A football is kicked at an angle of 45° to the horizontal over a defence line up with a velocity of 15m/s. Calculate the magnitude of the horizontal velocity of the ball at its highest point neglecting friction
the horizontal velocity is constant regardless of height
... the vertical velocity changes due to gravity
horizontal velocity = 15 m/s * cos(45º)
Yes
To calculate the magnitude of the horizontal velocity of the ball at its highest point, we can use the formula for horizontal velocity:
Vx = V * cos(θ)
where:
Vx is the horizontal velocity
V is the initial velocity (15 m/s)
θ is the launch angle (45°)
Using this formula, we can substitute the given values and calculate the magnitude of the horizontal velocity:
Vx = 15 m/s * cos(45°)
To calculate cos(45°), we can use the fact that cos(45°) = √2 / 2:
Vx = 15 m/s * (√2 / 2)
Simplifying this expression:
Vx = 15 m/s * 0.707
Vx ≈ 10.606 m/s
Therefore, the magnitude of the horizontal velocity of the ball at its highest point is approximately 10.606 m/s.
To calculate the magnitude of the horizontal velocity of the ball at its highest point, we can use trigonometric functions and the given information. Here's how you can figure it out:
1. Break down the initial velocity into its horizontal and vertical components. Since the ball is kicked at an angle of 45° to the horizontal, the initial velocity can be split equally between the horizontal and vertical directions.

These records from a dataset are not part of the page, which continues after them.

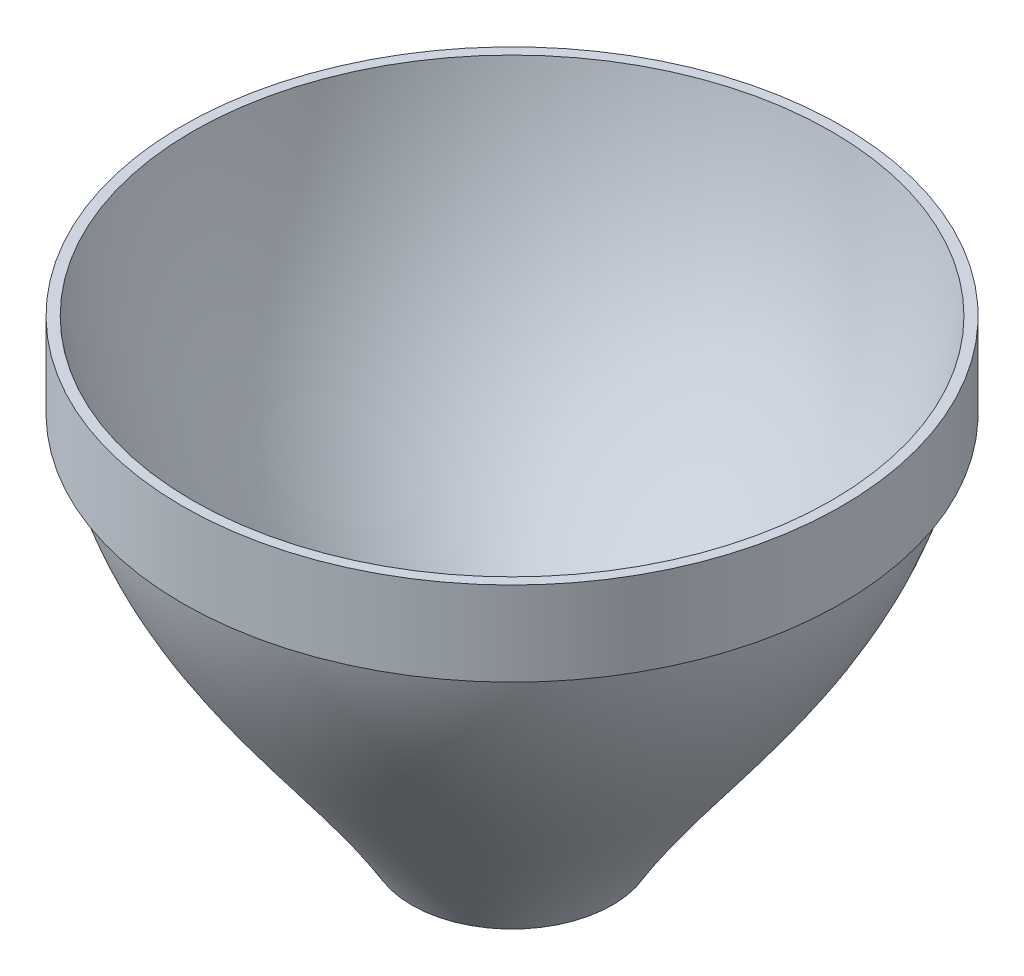
SolidWorks part; units mm, degrees
ref_plane "Płaszczyzna przednia" through (0, 0, 0) normal (0, 0, 1) x (1, 0, 0)
ref_plane "Płaszczyzna górna" through (0, 0, 0) normal (0, 1, 0) x (1, 0, 0)
ref_plane "Płaszczyzna prawa" through (0, 0, 0) normal (1, 0, 0) x (0, 0, -1)
sketch "Sketch1" plane through (0, 0, 0) normal (0, 0, 1) x (1, 0, 0)
  line L15 (24.8342, 148.4714) -> (24.8342, -40.5547) construction
  line L26 (18.8342, 99.1874) -> (16.8342, 99.1874)
  line L30 (-0.6464, 129.1655) -> (-1.4464, 129.1655)
  line L32 (-0.6464, 135.8755) -> (-1.4464, 135.8755)
  line L33 (-1.4464, 135.8755) -> (-1.4464, 129.1655)
  spline S0 degree 3 poles (-0.6464, 135.8755) (2.3951, 117.2827) (12.0104, 111.5519) (18.8342, 99.1874) knots 0 0 0 0 1 1 1 1
  spline S2 degree 3 poles (-0.6464, 129.1655) (-0.4981, 128.4101) (-0.1372, 126.9041) (0.7948, 124.0115) (2.9236, 119.1806) (6.1828, 114.1346) (9.688, 109.3827) (12.2998, 105.9249) (14.342, 103.1046) (15.8313, 100.8586) (16.5067, 99.7534) (16.8342, 99.1874) knots 0.117145 0.117145 0.117145 0.117145 0.169312 0.221479 0.325814 0.534482 0.638817 0.743151 0.847485 0.899652 0.95182 0.95182 0.95182 0.95182
  point P1 (0, 0)
  point P2 (0, 0)
  point P3 (0, 0)
  point P5 (16.4003, 99.1874)
  dimension "D1" = 6.71
  dimension "D2" = 0.8
  dimension "D3" = 2
  dimension "D7" = 6
revolve "Revolve1" add sketch "Sketch1" angle 360 about L15 region at (17.8342, 99.6066, 0)
equation "\"outerdiameter\"= 30"
equation "\"wallthick\"= 2"

Horizontal velocity (Vx) = initial velocity * cos(angle)
= 15 m/s * cos(45°)
= 10.61 m/s
Vertical velocity (Vy) = initial velocity * sin(angle)
= 15 m/s * sin(45°)
= 10.61 m/s
2. At the highest point of the ball's trajectory, the vertical velocity will be zero because the ball will momentarily stop before it starts falling back down. Therefore, the horizontal velocity at the highest point will remain constant.
Thus, the magnitude of the horizontal velocity at the ball's highest point is 10.61 m/s.